Velodyne Lidar Sample Data

Applying the db.xml calibration file

As with the pcap parsing, I originally thought I'd look into Python xml parsing. I'm sure if I was really interested in parsing xml I would have tried some of them out, but the interface I was hoping to find would look like this

import pyxmlthing
a = pyxmlthing.load("some.xml")
some_array= a.item('9').rotCorrection

And I would have an array of all the rotCorrections of all the items of type 9. Instead I found a several xml parsers that required tons of code to get to a point where I'm still not sure if I could get at the rotCorrections or not. Which may be why I don't care for xml, flat-files are it.

So I just used vim to strip all the xml out and leave me with a nice text file that looks like this

0, -3.8, -7.0046468, 20, 21.560343, -2.5999999
1, -1.5, -6.7674689, 26, 21.516994, 2.5999999
2, 5, 0.44408101, 28, 20.617426, -2.5999999
3, 6.8000002, 0.78093398, 32, 20.574717, 2.5999999

Where the first column is the laser index (0-63), the next might be the rotCorrection and so on.

To apply the calibration data, it's very important that the indexing derived from the raw data is correct- reading the 0xDDEE vs. the 0xDDFF (or similar) that designates upper or lower laser block is important.

The velodyne manual doesn't have a good diagram that shows the xyz axes and what is positive or negative direction for both the original lidar angle and the correction angles and offsets, so some experimentation is necessary there. The manual did mention it in this case the rotCorrection had to be subtracted from the base rotation angle. The vertical and horizontal offset are pretty minor for my visualization but important for accurate measurements obviously.

Processing viewer

Using Aaron Koblin's House of Cards SceneViewer as a starting point, I wrote code to take the point cloud data and display it:

Monterey Full from binarymillenium on Vimeo.

The data was split into files each containing a million data points and spanning a second in time. With some testing I found the lidar was spinning at about 10 Hz (of the possible 5, 10, or 15 Hz), so I would bite off 1/10 of the file and display that in the current frame, then the next 1/10th for the next frame, and then load the next file after 10 frames. A more consistent approach would be to split the data into a new text file for each frame.

Next Steps

Right now I'm running a large job to process each point-cloud frame into png height-map files as I did for the Radiohead data. It doesn't work as well with the 360 degrees of heights- some distances just have to be cut off and ignored to keep the resolutions low (although with the png compression having large empty spaces doesn't really take up any additional room). A lot of detail is lost on the nearby objects compared to a lot of empty space between distant objects.

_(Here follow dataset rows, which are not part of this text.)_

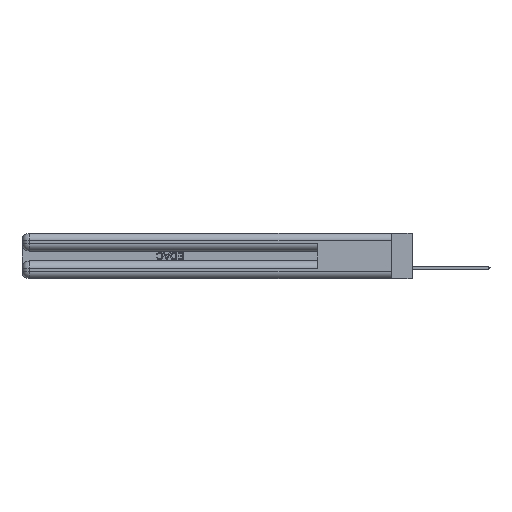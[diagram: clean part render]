
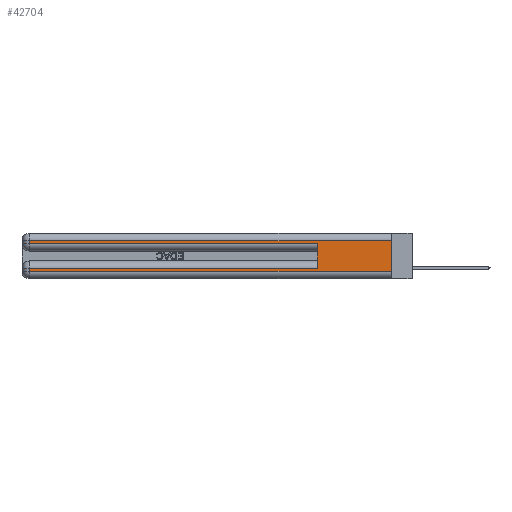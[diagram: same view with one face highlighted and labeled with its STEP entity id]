
A CAD part, left-side view. The second image highlights one B-rep face of the part: STEP entity #42704.
In plain terms, the highlighted planar face has unit normal (-1, 0, 0).
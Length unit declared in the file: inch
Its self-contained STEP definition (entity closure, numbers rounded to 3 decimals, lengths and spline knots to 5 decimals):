
#82 = LINE ( 'NONE', #19319, #31429 ) ;
#904 = LINE ( 'NONE', #14273, #18362 ) ;
#1080 = DIRECTION ( 'NONE',  ( 0., 0., -1. ) ) ;
#3529 = EDGE_CURVE ( 'NONE', #34924, #53717, #17793, .T. ) ;
#5966 = CARTESIAN_POINT ( 'NONE',  ( 0., 2.94, 0.37 ) ) ;
#6128 = EDGE_CURVE ( 'NONE', #51011, #42610, #52458, .T. ) ;
#6146 = DIRECTION ( 'NONE',  ( 0., 0., -1. ) ) ;
#7386 = CARTESIAN_POINT ( 'NONE',  ( 0., 2.94, 0.37 ) ) ;
#7502 = ORIENTED_EDGE ( 'NONE', *, *, #9087, .T. ) ;
#7957 = EDGE_CURVE ( 'NONE', #16554, #19215, #82, .T. ) ;
#9087 = EDGE_CURVE ( 'NONE', #24039, #19215, #21384, .T. ) ;
#10195 = LINE ( 'NONE', #5966, #54468 ) ;
#10330 = CARTESIAN_POINT ( 'NONE',  ( 0., 2.94, 0.06 ) ) ;
#10707 = ORIENTED_EDGE ( 'NONE', *, *, #13922, .T. ) ;
#11426 = VERTEX_POINT ( 'NONE', #15057 ) ;
#12371 = VECTOR ( 'NONE', #24279, 39.37008 ) ;
#12510 = ORIENTED_EDGE ( 'NONE', *, *, #7957, .F. ) ;
#13922 = EDGE_CURVE ( 'NONE', #16554, #11426, #48967, .T. ) ;
#14273 = CARTESIAN_POINT ( 'NONE',  ( 0., 0., 0.37 ) ) ;
#14918 = CARTESIAN_POINT ( 'NONE',  ( 0., 0.6, 0.085 ) ) ;
#15057 = CARTESIAN_POINT ( 'NONE',  ( 0., 2.94, 0.085 ) ) ;
#15541 = DIRECTION ( 'NONE',  ( 0., 1., 0. ) ) ;
#16554 = VERTEX_POINT ( 'NONE', #14918 ) ;
#17322 = EDGE_CURVE ( 'NONE', #11426, #51011, #54882, .T. ) ;
#17793 = LINE ( 'NONE', #53524, #24488 ) ;
#18362 = VECTOR ( 'NONE', #49665, 39.37008 ) ;
#19215 = VERTEX_POINT ( 'NONE', #49094 ) ;
#19319 = CARTESIAN_POINT ( 'NONE',  ( 0., 0.6, 0.145 ) ) ;
#19572 = CARTESIAN_POINT ( 'NONE',  ( 0., 2.94, 0.31 ) ) ;
#21384 = LINE ( 'NONE', #43213, #24708 ) ;
#22333 = CARTESIAN_POINT ( 'NONE',  ( 0., 0., 0.31 ) ) ;
#22339 = EDGE_CURVE ( 'NONE', #34924, #42610, #904, .T. ) ;
#23200 = DIRECTION ( 'NONE',  ( 0., 0., 1. ) ) ;
#24039 = VERTEX_POINT ( 'NONE', #28666 ) ;
#24279 = DIRECTION ( 'NONE',  ( 0., -1., 0. ) ) ;
#24488 = VECTOR ( 'NONE', #15541, 39.37008 ) ;
#24708 = VECTOR ( 'NONE', #43562, 39.37008 ) ;
#26372 = CARTESIAN_POINT ( 'NONE',  ( 0., 0., 0.37 ) ) ;
#28644 = ORIENTED_EDGE ( 'NONE', *, *, #6128, .T. ) ;
#28666 = CARTESIAN_POINT ( 'NONE',  ( 0., 2.94, 0.285 ) ) ;
#28743 = CARTESIAN_POINT ( 'NONE',  ( 0., 0., 0.06 ) ) ;
#28772 = DIRECTION ( 'NONE',  ( 0., 1., 0. ) ) ;
#29793 = CARTESIAN_POINT ( 'NONE',  ( 0., 0., 0.06 ) ) ;
#30487 = PLANE ( 'NONE',  #49936 ) ;
#31010 = DIRECTION ( 'NONE',  ( 1., 0., 0. ) ) ;
#31429 = VECTOR ( 'NONE', #23200, 39.37008 ) ;
#31789 = FACE_OUTER_BOUND ( 'NONE', #46132, .T. ) ;
#33453 = CARTESIAN_POINT ( 'NONE',  ( 0., 0., 0.085 ) ) ;
#34050 = VECTOR ( 'NONE', #54890, 39.37008 ) ;
#34924 = VERTEX_POINT ( 'NONE', #22333 ) ;
#36073 = EDGE_CURVE ( 'NONE', #53717, #24039, #10195, .T. ) ;
#37588 = VECTOR ( 'NONE', #28772, 39.37008 ) ;
#39140 = ORIENTED_EDGE ( 'NONE', *, *, #3529, .T. ) ;
#42610 = VERTEX_POINT ( 'NONE', #29793 ) ;
#42704 = ADVANCED_FACE ( 'NONE', ( #31789 ), #30487, .F. ) ;
#43213 = CARTESIAN_POINT ( 'NONE',  ( 0., 0., 0.285 ) ) ;
#43562 = DIRECTION ( 'NONE',  ( 0., -1., 0. ) ) ;
#45789 = ORIENTED_EDGE ( 'NONE', *, *, #36073, .T. ) ;
#46132 = EDGE_LOOP ( 'NONE', ( #50783, #39140, #45789, #7502, #12510, #10707, #52620, #28644 ) ) ;
#48967 = LINE ( 'NONE', #33453, #37588 ) ;
#49094 = CARTESIAN_POINT ( 'NONE',  ( 0., 0.6, 0.285 ) ) ;
#49665 = DIRECTION ( 'NONE',  ( 0., 0., -1. ) ) ;
#49936 = AXIS2_PLACEMENT_3D ( 'NONE', #26372, #31010, #1080 ) ;
#50783 = ORIENTED_EDGE ( 'NONE', *, *, #22339, .F. ) ;
#51011 = VERTEX_POINT ( 'NONE', #10330 ) ;
#52458 = LINE ( 'NONE', #28743, #12371 ) ;
#52620 = ORIENTED_EDGE ( 'NONE', *, *, #17322, .T. ) ;
#53524 = CARTESIAN_POINT ( 'NONE',  ( 0., 0., 0.31 ) ) ;
#53717 = VERTEX_POINT ( 'NONE', #19572 ) ;
#54468 = VECTOR ( 'NONE', #6146, 39.37008 ) ;
#54882 = LINE ( 'NONE', #7386, #34050 ) ;
#54890 = DIRECTION ( 'NONE',  ( 0., 0., -1. ) ) ;

So either using that data or going back to processing the raw point cloud, I'd like to track features frame-to-frame and derive the vehicle motion from them. I suspect this will be very difficult. Once I have the vehicle motion, I could create per-frame transformations that could create one massive point cloud or height map where still objects are in their proper places and other vehicles probably become blurs.

After that, if I can get a dataset from Velodyne or another source where a moving ground lidar moves in a circle or otherwise intersects its own path somewhere, then the proof that the algorithm works will be if in that big point cloud that point of intersection actually lines up. (though I suspect again that more advanced logic is need to re-align the data after the logic determines that it has encounter features that it has scene before).